# Gallipoli ANZAC war memorial



## ADZphtg (Mar 23, 2008)

After a trip to the amazing site here at RCMorgans request are some pics









































































Some are HDR'd, some have had to compressed massively to fit in photobox so please don't tell me they pixelated or grainy - I KNOW!!
Adam


----------



## parish (Jun 29, 2006)

Great shots, but the one with the tree (3rd from the bottom) is too over-done - the tree doesn't look right against the sky


----------



## -ROM- (Feb 23, 2007)

What's the story behind the damage? can't say i'm up to speed on this.


----------



## ADZphtg (Mar 23, 2008)

yeah i know, too much time sat in hotels playing with CS4 and HDR software. I have hundreds i haven't even looked at yet so will update later


----------



## ADZphtg (Mar 23, 2008)

The Turks have been relaying the access road through the site, As it is a mass war grave there are remains all over the place. They were meant to JUST relay the road but went through and dug what appears to be storm drains, uncovered several bodies and didn't even notice. 
They have been removed now to be laid to rest 
Amazing place, well worth a visit

Adam


----------



## V8burble (Jul 3, 2007)

Some nice shots :thumb:

I echo the comments above about the level of PP and HDR, but would also add that for me the shots with forground interest (rose and poppy/cross) I think that as these lead you into the background, I would have pref to see the background in focus, rather than isolated in this instance. Depending on your lens I would have gone out to something at or above f/22, rather than f/13, although camera support would be required.

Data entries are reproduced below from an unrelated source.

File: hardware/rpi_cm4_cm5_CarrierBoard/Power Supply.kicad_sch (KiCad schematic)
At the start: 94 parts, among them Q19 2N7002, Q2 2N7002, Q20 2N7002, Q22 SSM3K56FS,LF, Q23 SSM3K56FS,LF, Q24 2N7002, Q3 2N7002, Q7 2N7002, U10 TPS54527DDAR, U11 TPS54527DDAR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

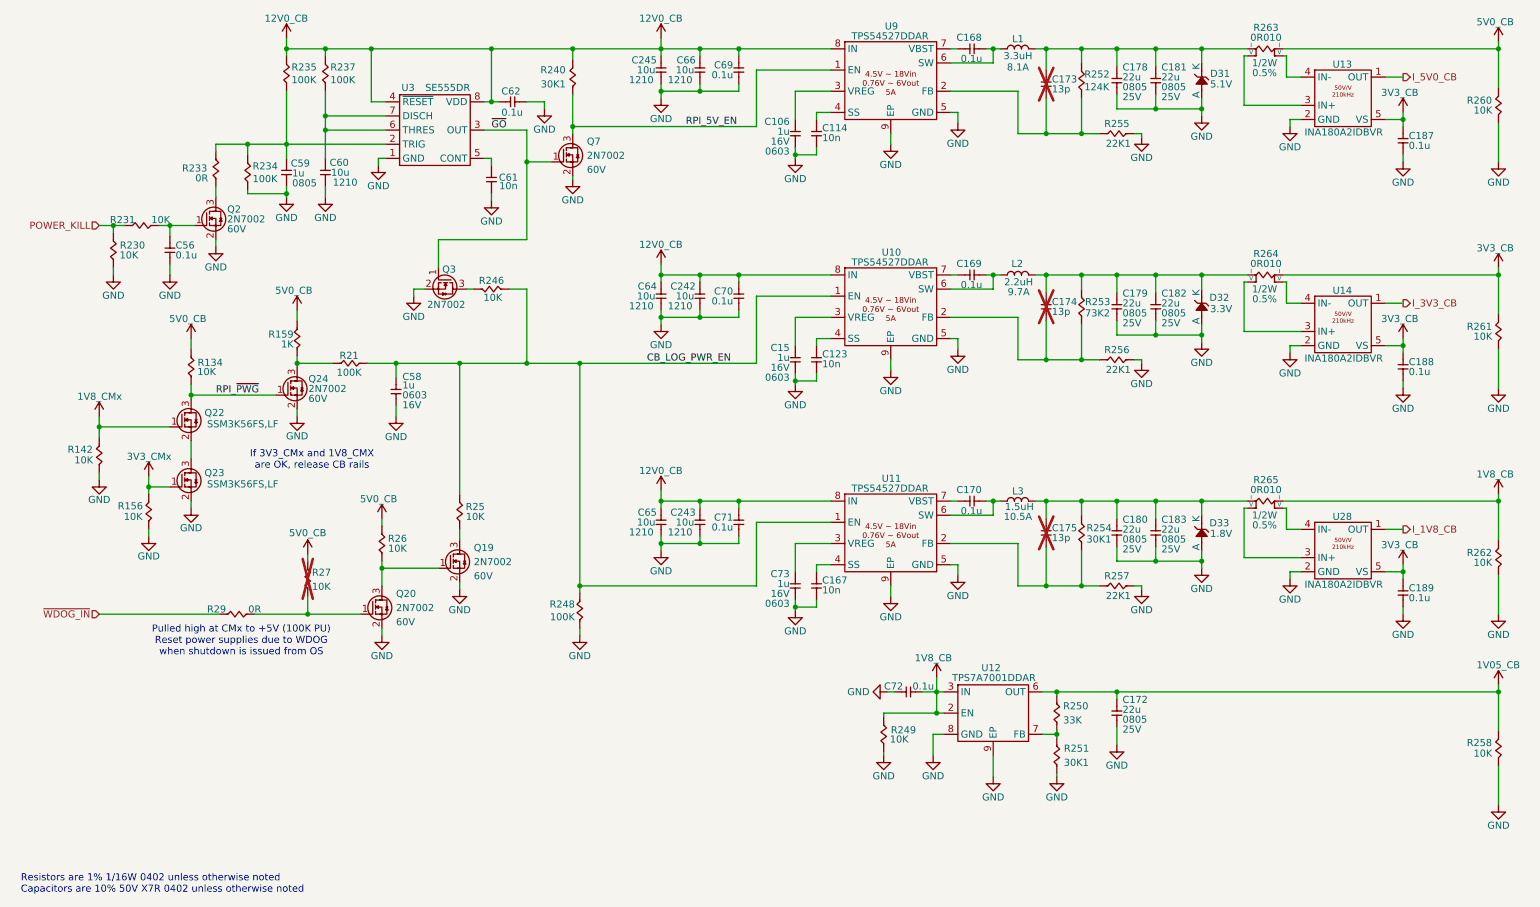
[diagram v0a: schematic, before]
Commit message: Add test points on relevant signals Re-generate SCH_PDF Re-generate BOM Re-generate all gerbers and relevant PCB output files (still in review phase)
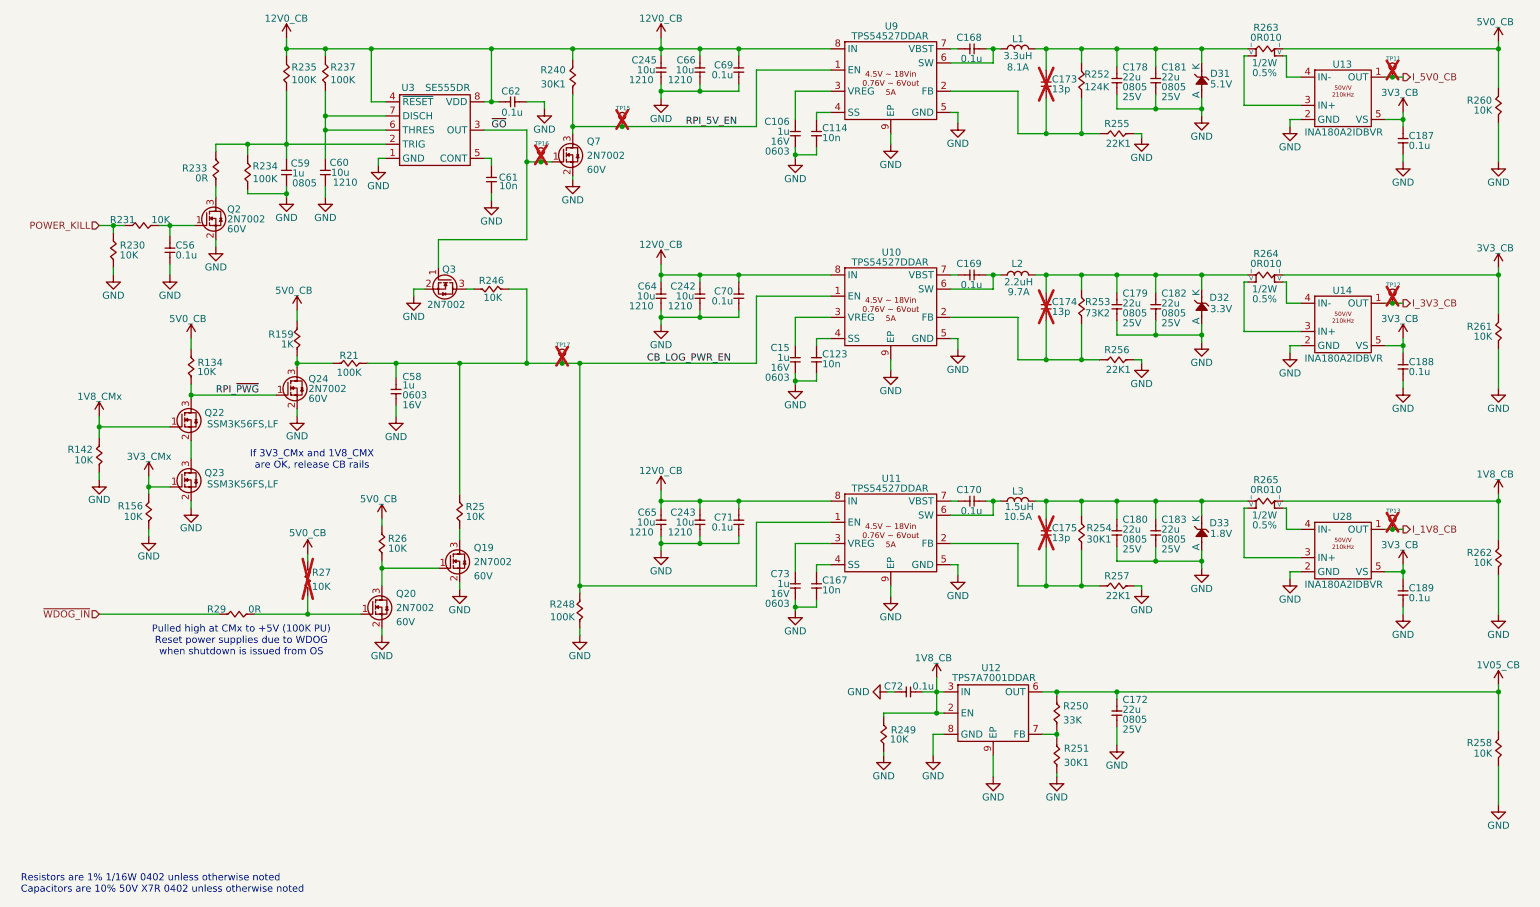
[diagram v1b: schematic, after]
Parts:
- added TP11, TP12, TP13, TP15, TP16, TP17: 28 mils, footprint:SMT_TP_28_MILS, symbol KicadCompDb:Test Point/TP_00001
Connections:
- net CB_LOG_PWR_EN: now also TP17.1
- net I_1V8_CB: now also TP13.1
- net I_3V3_CB: now also TP12.1
- net I_5V0_CB: now also TP11.1
- net RPI_5V_EN: now also TP15.1
- net ~{GO}: now also TP16.1
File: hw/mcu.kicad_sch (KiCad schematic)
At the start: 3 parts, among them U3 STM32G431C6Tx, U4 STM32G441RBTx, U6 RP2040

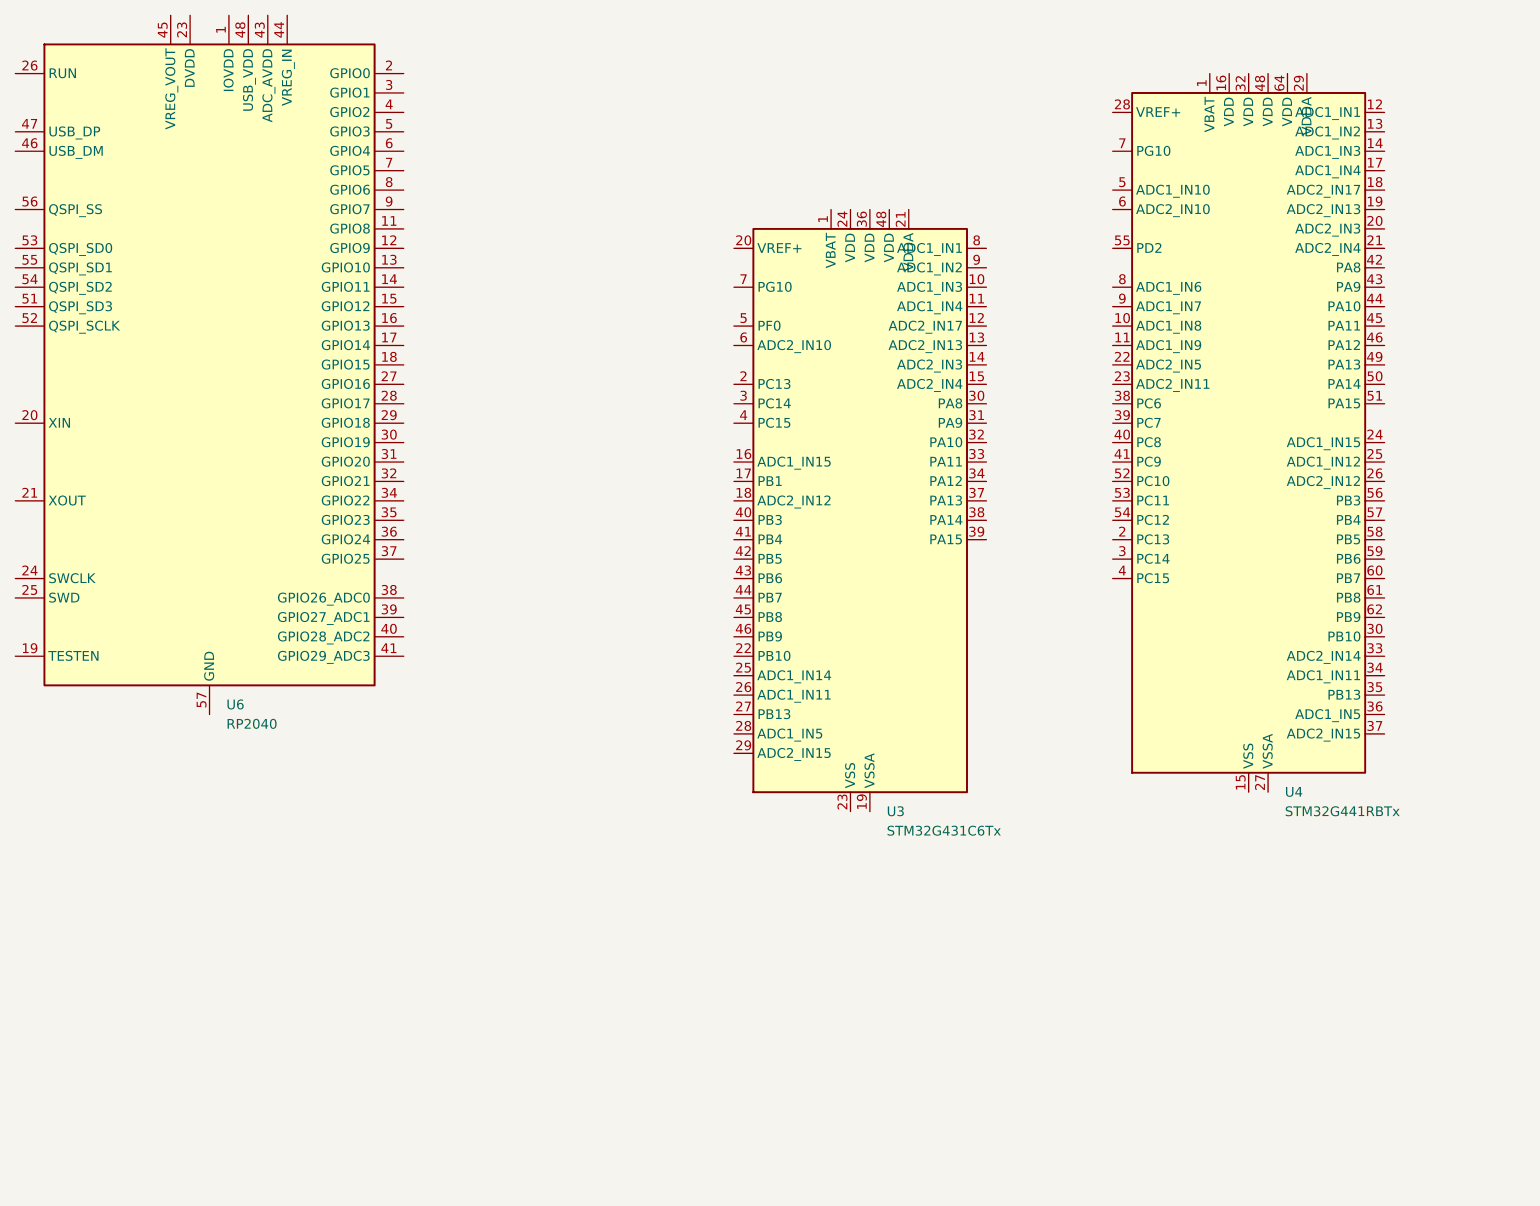
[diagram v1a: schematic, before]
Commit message: Update encoder circuit
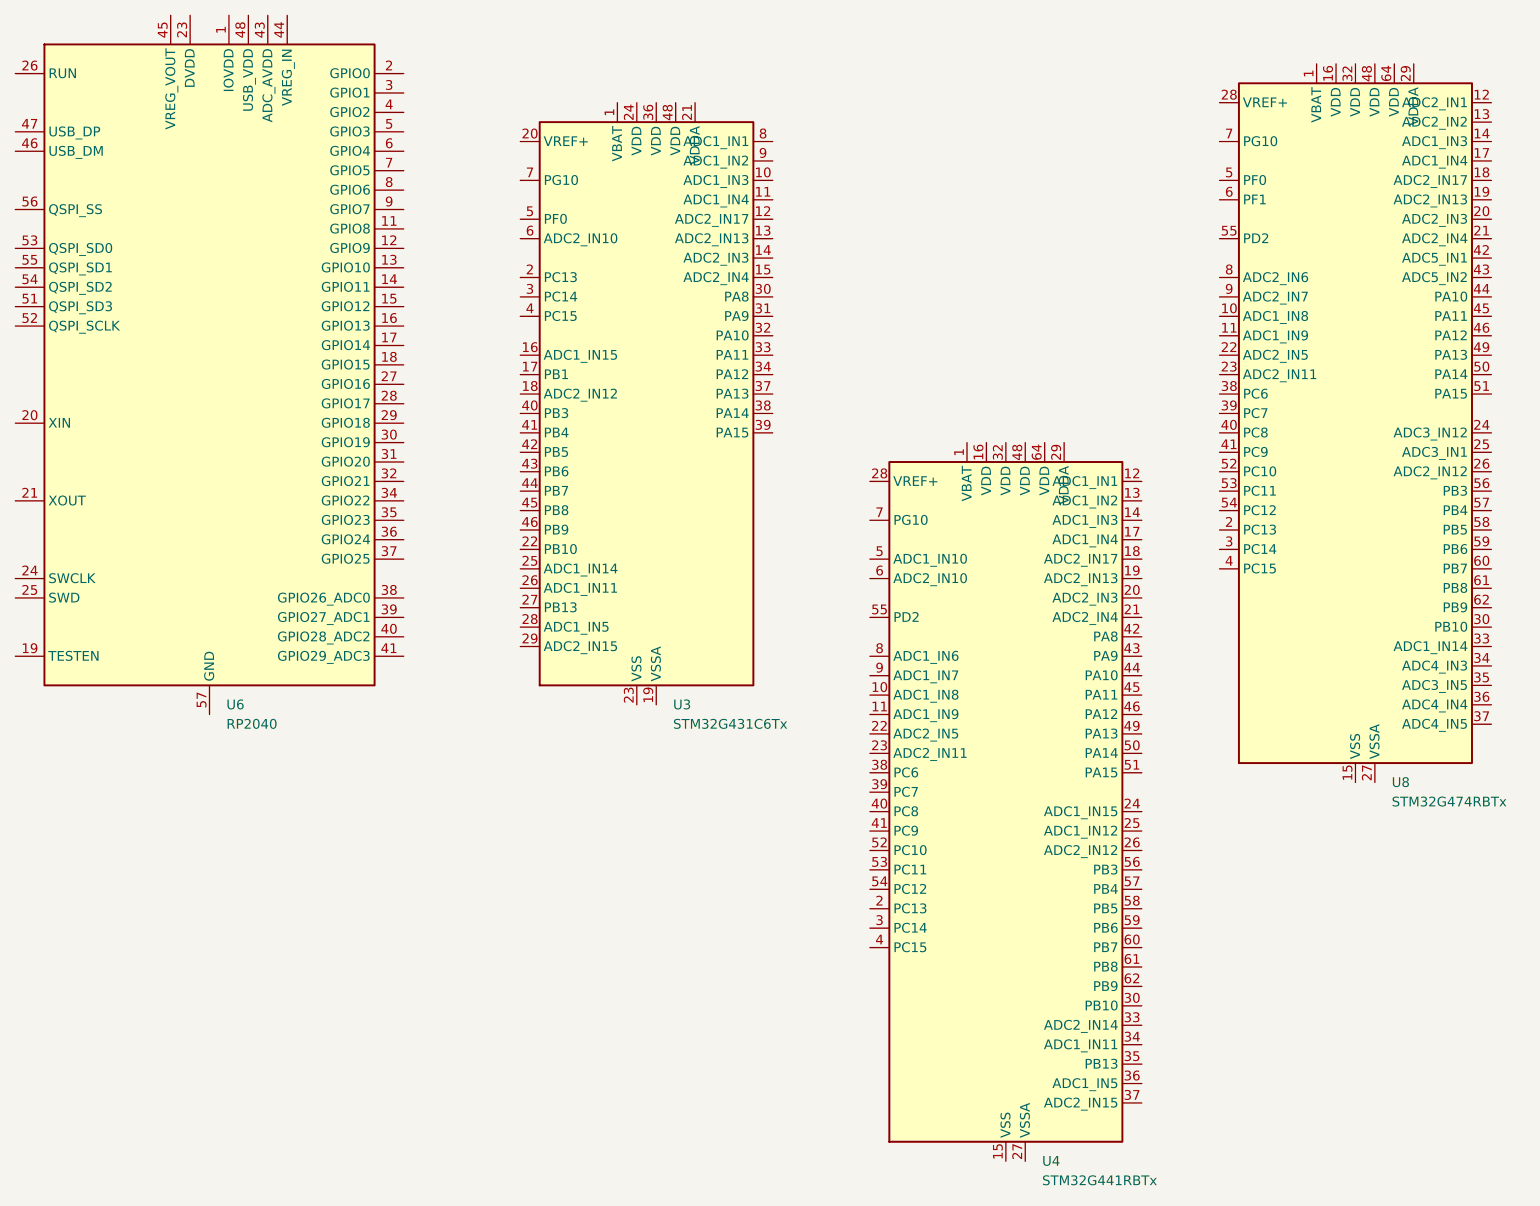
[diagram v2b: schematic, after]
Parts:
- added U8: STM32G474RBTx, Package_QFP:LQFP-64_10x10mm_P0.5mm, symbol MCU_ST_STM32G4:STM32G474RBTx
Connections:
- new net: U8.15 (VSS), U8.31 (VSS), U8.47 (VSS), U8.63 (VSS)
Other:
- moved on the sheet: U3, U4

Looks a very thought provoking location.


----------



## Bigpikle (May 21, 2007)

moving subject matter - having been to war memorials over the world they are very emotionally charged places...

For me to enjoy these more i would like to see much less PP and HDR work, as I just cant look at the subject matter in them with such an 'artificial' feel to them all. I would also like to see the horizons straight, as that really puts me off and I'm not sure its exactly straight in any of them. I quite like many of the compositions though.

thanks for posting.


----------



## ADZphtg (Mar 23, 2008)

As many have said they were over processed (even tho i did in my OP) here are some of my OUT images.


----------



## dubnut71 (Jul 25, 2006)

Great Shots Adam, I seem to have taken some similar, I think I got the inspiration from your good self!....


















































Sorry for the hijack! great places and very serene.


----------



## IanG (Nov 21, 2007)

Very good pictures my late grandfather was at Gallipoli during WW1 and was one of the fortunate survivors of the campaign.

Thank you for taking the time to show these pictures.


----------



## joe_0_1 (Apr 7, 2007)

Fantastic pictures


----------